Index Building: Batch Construction vs Incremental Updates
BUILDING HNSW INDEXES
HNSW indexes require training-time construction of the graph structure. Each vector is inserted by finding its nearest neighbors in the current graph and adding edges. Order of insertion matters—later vectors see a more complete graph.
Key parameter: efConstruction controls how many candidates to consider during insertion. Higher values (200-500) produce better graphs but slower builds. For 100M vectors with efConstruction=200, expect 4-6 hours on 32 CPUs.
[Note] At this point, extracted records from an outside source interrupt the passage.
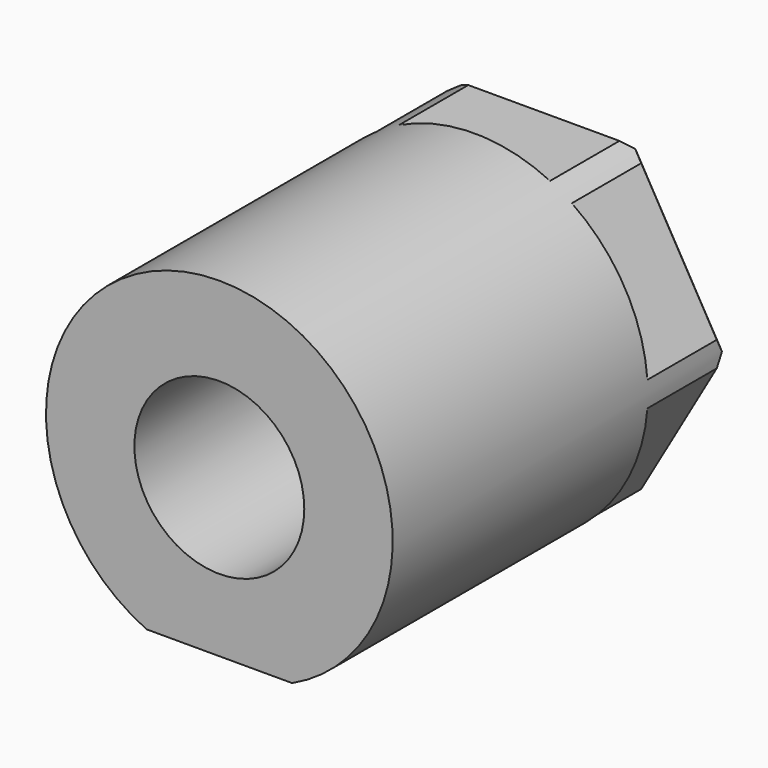
from build123d import *

# Parameters (mm, degrees)
F1_DEPTH     = 60
F3_DEPTH     = 14
F4_D         = 24.5
F5_T1_DEPTH  = 29.5095436816
F5_T3_DEPTH  = 28.7150489639
F5_T5_DEPTH  = 29.5095436816
F5_T7_DEPTH  = 29.5095436816
F5_T9_DEPTH  = 29.5095436816
F5_T11_DEPTH = 29.5095436816


# Not quite as in the source:
# - a fillet or chamfer that OpenCascade refuses, or shapes differently, is made with other operations: its cross-section is extruded or revolved along the edge and cut away or added


with BuildPart() as f1:
    # F0 (on Front) → F1 (new body)
    with BuildSketch(Plane.XZ):
        with BuildLine():
            Line((-10.5, -22.6881026091), (10.5, -22.6881026091))
            ThreePointArc((10.5, -22.6881026091), (0, 25), (-10.5, -22.6881026091))
        make_face()
    extrude(amount=F1_DEPTH)

    # F2 (on face) → F3 (cut)
    with BuildSketch(Plane(origin=(0, 0, 0), x_dir=(-1, 0, 0), z_dir=(0, 1, 0))):
        with BuildLine():
            ThreePointArc((-24.9341952646, -1.8127069559), (-21.6506350946, -12.5), (-14.0369479057, -20.6872930441))
            Line((-14.0369479057, -20.6872930441), (-24.9341952646, -1.8127069559))
        make_face()
        with BuildLine():
            Line((-24.9341952646, 1.8127069559), (-14.0369479057, 20.6872930441))
            ThreePointArc((-14.0369479057, 20.6872930441), (-21.6506350946, 12.5), (-24.9341952646, 1.8127069559))
        make_face()
        with BuildLine():
            Line((-10.8972473589, 22.5), (10.8972473589, 22.5))
            ThreePointArc((10.8972473589, 22.5), (0, 25), (-10.8972473589, 22.5))
        make_face()
        with BuildLine():
            ThreePointArc((14.0369479057, -20.6872930441), (21.6506350946, -12.5), (24.9341952646, -1.8127069559))
            Line((24.9341952646, -1.8127069559), (14.0369479057, -20.6872930441))
        make_face()
        with BuildLine():
            Line((14.0369479057, 20.6872930441), (24.9341952646, 1.8127069559))
            ThreePointArc((24.9341952646, 1.8127069559), (21.6506350946, 12.5), (14.0369479057, 20.6872930441))
        make_face()
    extrude(amount=-F3_DEPTH, mode=Mode.SUBTRACT)

    # F4 (through all)
    with Locations(Plane(origin=(0, 0, 0), x_dir=(-1, 0, 0), z_dir=(0, 1, 0))):
        with Locations((0, 0)):
            Hole(F4_D / 2)

    # F5: chamfer of 1.5 on 6 edges, made by hand

    # F5_s2 → F5_t1 (cut)
    with BuildSketch(Plane(origin=(-7.3773859204, 0, -12.7780072412), x_dir=(0, 1, 0), z_dir=(0.5, 0, 0.8660254038))):
        Polygon((0, -21), (-1.5, -22.5), (0, -22.5), align=None)
    extrude(amount=F5_T1_DEPTH, mode=Mode.SUBTRACT)

    # F5_s4 → F5_t3 (cut)
    with BuildSketch(Plane.YZ.offset(-14.3575244819)):
        Polygon((-1.5, -22.6881026091), (0, -21.1881026091), (0, -22.6881026091), align=None)
    extrude(amount=F5_T3_DEPTH, mode=Mode.SUBTRACT)

    # F5_s6 → F5_t5 (cut)
    with BuildSketch(Plane(origin=(-7.3773859204, 0, 12.7780072412), x_dir=(0, 1, 0), z_dir=(0.5, 0, -0.8660254038))):
        Polygon((0, -21), (-1.5, -22.5), (0, -22.5), align=None)
    extrude(amount=F5_T5_DEPTH, mode=Mode.SUBTRACT)

    # F5_s8 → F5_t7 (cut)
    with BuildSketch(Plane(origin=(7.3773859204, 0, 12.7780072412), x_dir=(0, 1, 0), z_dir=(-0.5, 0, -0.8660254038))):
        Polygon((0, -21), (-1.5, -22.5), (0, -22.5), align=None)
    extrude(amount=F5_T7_DEPTH, mode=Mode.SUBTRACT)

    # F5_s10 → F5_t9 (cut)
    with BuildSketch(Plane.YZ.offset(-14.7547718408)):
        Polygon((0, 21), (-1.5, 22.5), (0, 22.5), align=None)
    extrude(amount=F5_T9_DEPTH, mode=Mode.SUBTRACT)

    # F5_s12 → F5_t11 (cut)
    with BuildSketch(Plane(origin=(7.3773859204, 0, -12.7780072412), x_dir=(0, 1, 0), z_dir=(-0.5, 0, 0.8660254038))):
        Polygon((0, -21), (-1.5, -22.5), (0, -22.5), align=None)
    extrude(amount=F5_T11_DEPTH, mode=Mode.SUBTRACT)


solid = f1.part

Build is CPU-bound (graph traversal, distance computation). Parallelize across cores. Memory requirement: full vectors + graph structure = ~4KB per 768-dim vector.
BUILDING IVF-PQ INDEXES
IVF-PQ requires two training phases: k-means clustering for IVF partitions, and codebook training for PQ compression.
IVF training: Run k-means on a sample of vectors (1M-10M) to find centroids. Number of centroids = sqrt(N) to 4×sqrt(N). For 100M vectors, use 10K-40K centroids. Training time: 30-60 minutes on GPU.
PQ training: Learn codebooks by running k-means on each subvector dimension. Train on same sample as IVF. Training time: 10-30 minutes.
Index population: Assign each vector to nearest centroid, compute PQ codes. This is embarrassingly parallel—process in batches across many workers. 100M vectors: 1-2 hours.
VALIDATION BEFORE DEPLOYMENT
Before serving, measure recall@K on a held-out query set with ground truth. Sample 10K queries, compute exact nearest neighbors, compare to ANN results. Target: recall@10 ≥ 0.95.
If recall is low, diagnose: Are centroids well-distributed? Is PQ quantization error too high? Increase nlist, reduce M, or use higher-precision codes.